The Razzie nominations prove that 2015 was an impressively bad year in Hollywood.

 

Gavia Baker-Whitelaw

Internet Culture

Posted on Jan 13, 2016   Updated on May 27, 2021, 9:11 am CDT

We had a bumper year for terrible movies in 2015. From Mortdecai to Paul Blart: Mall Cop 2 to three entire Adam Sandler films, there were so many stinkers that we’d already forgotten most of them even happened. Fortunately, the Razzie Awards are here to remind us. 

Presented on the night before the Oscars, the Golden Raspberries commemorate the very worst that Hollywood has to offer. Like any set of film awards, they’re not without controversy, but isn’t arguing over nominations part of the fun?

As you might expect, the 2015 Razzie nominations are dominated by overblown blockbusters and critically panned comedies.
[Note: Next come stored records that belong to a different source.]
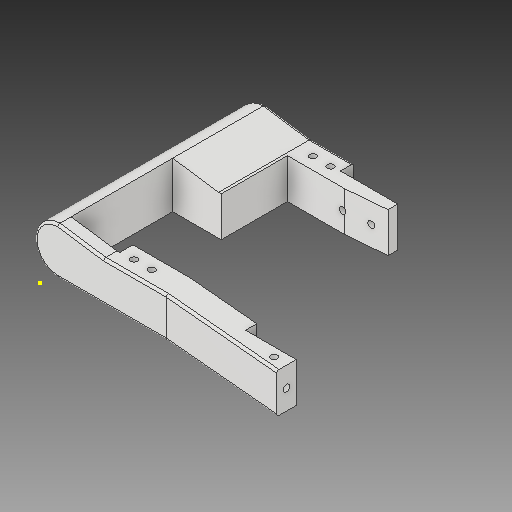
# Autodesk Inventor part: Hand - Frame
Saved by Autodesk Inventor 2017 (Build 210142000, 142)
## iProperties
Created: 2016-09-27
Part Number: Hand - Frame
Material: ABS Plastic
Document SubType Name: Modeling
Designer: cmcdona
Density: 1.06 g/cm^3
Appearance: Smooth - White
Author: cmcdona
Autodesk Inventor part; units mm, degrees
ref_plane "YZ Plane" through (0, 0, 0) normal (1, 0, 0) x (0, 1, 0)
ref_plane "XZ Plane" through (0, 0, 0) normal (0, 1, 0) x (-1, 0, 0)
sketch "Sketch1" plane through (0, 0, 0) normal (0, 0, 1) x (1, 0, 0)
  line L0 (0, 0) -> (104, 0)
  line L1 (104, 0) -> (104, 18)
  arc A0 (0, 21) -> (0, 0) centre (0, 10.5) ccw
  line L2 (0, 21) -> (20.7846, 18)
  line L3 (20.7846, 18) -> (104, 18)
  dimension "d0" = 104
  dimension "d1" = 18
  dimension "d2" = 21
  dimension "d3" = 10.5
  dimension "d4" = 21
  constraints: 8 end point, 2 perpendicular, 2 point on circle, 1 centre point, 1 horizontal
  measures "d0" distance of L0.start L0.end
  measures "d1" distance of L0.end L1.end
  measures "d2" distance of L0.start L2.start
  measures "d3" radius of A0
  measures "d4" distance of L2.start L2.end
extrude "Extrusion1" add sketch "Sketch1" against normal blind 102
sketch "Sketch2" plane through (0, 0, 0) normal (0, -1, 0) x (1, 0, 0)
  line L0 (0, 0) -> (-10.5, 0) projected
  line L1 (-10.5, 0) -> (-10.5, -8)
  line L2 (-10.5, -8) -> (49, -8)
  line L3 (49, -8) -> (140.4404, 0)
  line L4 (49, -8) -> (140.7897, -8) construction
  line L5 (140.4404, 0) -> (-10.5, 0)
  dimension "d7" = 8
  dimension "d8" = 59.5
  dimension "d9" = 5
  constraints: 10 end point, 1 collinear, 1 equal length, 1 horizontal, 1 perpendicular, 1 vertical
  measures "d7" distance of L0.end L1.end
  measures "d8" distance of L1.end L2.end
  measures "d9" angle of L4 L3
extrude "Extrusion2" cut sketch "Sketch2" against normal through all
sketch "Sketch3" plane through (0, 0, -102) normal (0, -1, 0) x (1, 0, 0)
  line L0 (22, 88) -> (22, 82)
  line L1 (0, 94) -> (0, 0) projected
  line L2 (22, 82) -> (48, 82)
  line L3 (48, 82) -> (83.863, 85.1376)
  line L4 (83.863, 85.1376) -> (91.363, 72.1472)
  line L5 (22, 88) -> (0, 88)
  line L6 (0, 88) -> (0, 42)
  line L7 (0, 42) -> (22, 42)
  line L8 (20.7846, 94) -> (20.7846, 0) projected
  line L9 (0, 42) -> (22, 42) construction
  line L10 (22, 42) -> (22, 12)
  line L11 (22, 12) -> (48, 12)
  line L12 (48, 12) -> (83.863, 8.8624)
  line L13 (83.863, 8.8624) -> (91.363, 21.8528)
  line L14 (91.363, 72.1472) -> (91.363, 21.8528)
  line L15 (104, 0) -> (0, 0) projected
  point P0 (0, 102)
  dimension "d12" = 6
  dimension "d13" = 26
  dimension "d14" = 36
  dimension "d15" = 175
  dimension "d16" = 15
  dimension "d17" = 115
  dimension "d18" = 22
  dimension "d19" = 46
  dimension "d20" = 22
  dimension "d21" = 0
  dimension "d22" = 30
  dimension "d23" = 90
  dimension "d24" = 26
  dimension "d25" = 36
  dimension "d26" = 175
  dimension "d27" = 15
  dimension "d28" = 115
  constraints: 26 end point, 4 perpendicular, 2 parallel, 2 point on line, 1 collinear, 1 horizontal
  measures "d12" distance of L0.start L0.end
  measures "d13" distance of L0.end L2.end
  measures "d14" distance of L2.end L3.end
  measures "d15" angle of L3 L2
  measures "d16" distance of L3.end L4.end
  measures "d17" angle of L3 L4
  measures "d18" distance of L0.start L5.end
  measures "d19" distance of L5.end L6.end
  measures "d20" distance of L6.end L7.end
  measures "d21" distance between parallel lines of L7 L9
  measures "d22" distance of L7.end L10.end
  measures "d23" angle of L7 L10
  measures "d24" distance of L10.end L11.end
  measures "d25" distance of L11.end L12.end
  measures "d26" angle of L11 L12
  measures "d27" distance of L12.end L13.end
  measures "d28" angle of L13 L12
extrude "Extrusion3" cut sketch "Sketch3" against normal through all contours L0 L2 L3 L4 L14 L13 L12 L11 L10 L7 L8 L5 | L8 L7 L1 L5
ref_plane "Work Plane1" through (0, 0, -96) normal (0, 0, -1) x (-1, 0, 0)
sketch "Sketch4" plane through (0, 0, -96) normal (0, 0, -1) x (-1, 0, 0)
  line L0 (-49, 18) -> (-104, 18) projected
  line L1 (-66, 0) -> (-104, 0)
  line L2 (-104, 0) -> (-104, 18)
  line L3 (-104, 18) -> (-66, 18)
  line L4 (-66, 18) -> (-66, 0)
  point P0 (0, 0)
  dimension "d32" = 38
  constraints: 8 end point, 2 parallel, 1 horizontal, 1 perpendicular
  measures "d32" distance of L0.end L3.end
extrude "Extrusion4" cut sketch "Sketch4" against normal blind 77
sketch "Sketch5" plane through (0, 0, -102) normal (0, 0, -1) x (-1, 0, 0)
  line L0 (-45, 0) -> (-45, 18)
  line L1 (-48, 0) -> (-48, 18) projected
  line L2 (-20.7846, 18) -> (-104, 18) projected
  line L3 (-45, 18) -> (-104, 18)
  line L4 (-104, 0) -> (-104, 18) projected
  line L5 (-104, 18) -> (-104, 0)
  line L6 (-104, 0) -> (-45, 0)
  point P0 (0, 0)
  constraints: 8 end point, 2 collinear, 1 parallel, 1 perpendicular
extrude "Extrusion5" cut sketch "Sketch5" against normal blind 6
ref_plane "Work Plane2" through (0, 0, -12) normal (0, 0, -1) x (-1, 0, 0)
sketch "Sketch6" plane through (0, 0, -12) normal (0, 0, -1) x (-1, 0, 0)
  line L0 (-104, 0) -> (-104, 18) projected
  line L1 (-81, 0) -> (-104, 0)
  line L2 (-104, 0) -> (-104, 18)
  line L3 (-104, 18) -> (-81, 18)
  line L4 (-81, 18) -> (-81, 0)
  point P0 (0, 0)
  dimension "d38" = 23
  constraints: 8 end point, 2 parallel, 1 horizontal, 1 perpendicular
  measures "d38" distance of L0.end L3.end
extrude "Extrusion6" cut sketch "Sketch6" along normal through all
sketch "Sketch7" plane through (104, 0, -3.1881) normal (1, 0, 0) x (0, 0, -1)
  circle A0 centre (4.412, 9) radius 1.5
  point P0 (-3.1881, 0)
  dimension "d41" = 3
  constraints: 1 centre point
  measures "d41" diameter of A0
extrude "Extrusion7" cut sketch "Sketch7" against normal blind 6
fillet "Fillet1" radius 1 10 edges at (76.5, 18, -5.5941) (76.5, 0, -5.5941) (-10.5, 10.5, -8) (24.5, 0, -8) (34.8923, 18, -8) (10.3923, 19.5, -8) (10.3923, 19.5, -102) (32.8923, 18, -102) (22.5, 0, -102) (-10.5, 10.5, -102)
sketch "Sketch8" plane through (0, 0, -96) normal (0, 0, -1) x (-1, 0, 0)
  line L0 (-45, 0) -> (-40, 0)
  line L1 (-40, 0) -> (-40, 18)
  line L2 (-40, 18) -> (-45, 18)
  line L3 (-45, 18) -> (-45, 0)
  point P0 (0, 0)
  dimension "d45" = 5
  dimension "d46" = 18
  constraints: 8 end point, 2 parallel, 1 horizontal, 1 perpendicular
  measures "d45" distance of L2.end L1.end
  measures "d46" distance of L1.end L0.end
extrude "Extrusion8" cut sketch "Sketch8" along normal through all
sketch "Sketch9" plane through (0, 0, -96) normal (0, 0, -1) x (-1, 0, 0)
  circle A0 centre (-47, 9) radius 1.5
  circle A1 centre (-59, 9) radius 1.5
  point P0 (0, 0)
  dimension "d49" = 3
  dimension "d50" = 3
  constraints: 2 centre point
  measures "d49" diameter of A0
  measures "d50" diameter of A1
extrude "Extrusion9" cut sketch "Sketch9" against normal blind 6
sketch "Sketch10" plane through (22, 18, -20) normal (0, 1, 0) x (1, 0, 0)
  circle A0 centre (76, -12) radius 1.5
  point P0 (-22, -20)
  dimension "d54" = 3
  constraints: 1 centre point
  measures "d54" diameter of A0
extrude "Extrusion10" cut sketch "Sketch10" against normal blind 5
sketch "Sketch11" plane through (22, 18, -20) normal (0, 1, 0) x (1, 0, 0)
  circle A0 centre (6, -5.5) radius 1.5
  circle A1 centre (14, -5.5) radius 1.5
  circle A2 centre (6, 75.5) radius 1.5
  circle A3 centre (14, 75.5) radius 1.5
  point P0 (-22, -20)
  dimension "d57" = 3
  dimension "d58" = 3
  dimension "d59" = 3
  dimension "d60" = 3
  constraints: 4 centre point
  measures "d57" diameter of A0
  measures "d58" diameter of A1
  measures "d59" diameter of A2
  measures "d60" diameter of A3
extrude "Extrusion11" cut sketch "Sketch11" against normal blind 6
sketch "Sketch12" plane through (22, 0, -14) normal (0, 0, -1) x (-1, 0, 0)
  line L0 (22, 0) -> (0, 0) projected
  line L1 (0, 0) -> (22, 0)
  line L2 (22, 0) -> (22, 2)
  line L3 (22, 2) -> (0, 2)
  line L4 (0, 2) -> (0, 0)
  dimension "d63" = 22
  dimension "d64" = 2
  constraints: 8 end point, 2 parallel, 1 horizontal, 1 perpendicular
  measures "d63" distance of L3.end L2.end
  measures "d64" distance of L2.end L1.end
extrude "Extrusion12" add sketch "Sketch12" along normal blind 6
sketch "Sketch14" plane through (22, 18, -14) normal (0, 0, -1) x (-1, 0, 0)
  line L0 (0.5206, -0.64) -> (21.8133, -0.64) construction
  line L1 (21.8133, -0.64) -> (21.8133, -15.538) construction
  line L2 (21.8133, -15.538) -> (0.5206, -15.538) construction
  line L3 (0.5206, -15.538) -> (0.5206, -0.64) construction
  point P0 (22, -18)
  constraints: 2 other
sketch "Sketch15" plane through (0, 2, -14) normal (0, 1, 0) x (1, 0, 0)
  line L0 (0.0966, 5.9599) -> (21.8846, 5.9599) construction
  line L1 (21.8846, 5.9599) -> (21.8846, 0.0499) construction
  line L2 (21.8846, 0.0499) -> (0.0966, 0.0499) construction
  line L3 (0.0966, 0.0499) -> (0.0966, 5.9599) construction
  point P0 (0, -14)
  constraints: 2 other
body "Solid1"

Fantastic Four picked up five nominations, and Fifty Shades of GreyJupiter Ascending, Pixels, and Paul Blart: Mall Cop 2 all got six. There were some disappointing snubs, however. The Razzie voters somehow forgot both the cameo-strewn douchebag hellscape of Entourage, and the FIFA-funded United Passions, which hired Gérard Depardieu and Tim Roth to make corrupt soccer executives look like heroes.

As ever, the Razzies are governed by a bro-y kind of humor. Adam Sandler and Paul Blart are perennially easy targets, like making fun of Nickleback while the band continues to make bank. As for films like Jupiter Ascending and Fifty Shades, it seems unfair to nominate them and ignore the nonsensical Terminator Genisys or Sean Penn‘s grotesquely masturbatory action thriller The Gunman. While attempting to poke fun at Hollywood’s flaws, the Razzies tend to engage in some very traditional Hollywood sexism.

Just look at Fifty Shades of Grey. Most critics agreed that it was a bad movie, but Dakota Johnson was frequently praised for giving her character as much depth as humanly possible. Not exactly Worst Actress material. As for Jupiter Ascending, its slate of Razzie nominations continues the trend of people misunderstanding the film’s real strengths.

Jupiter Ascending may not be a masterpiece, but it holds an important place in a year that witnessed the rise of female-led sci-fi movies including Mad Max: Fury Road and Star Wars: The Force Awakens. Despite moments of risible dialogue and a rather messy plot structure, Jupiter Ascending is hardly any more ridiculous than The Matrix. Arguably, the main reason it received such widespread mockery (compared to, say, Batman or Avatar) is its unselfconsciously girly brand of wish-fulfilment fantasy. Perhaps we’re taking the Razzies more seriously than they deserve, but Jupiter Ascending is hardly on the same level as Paul Blart.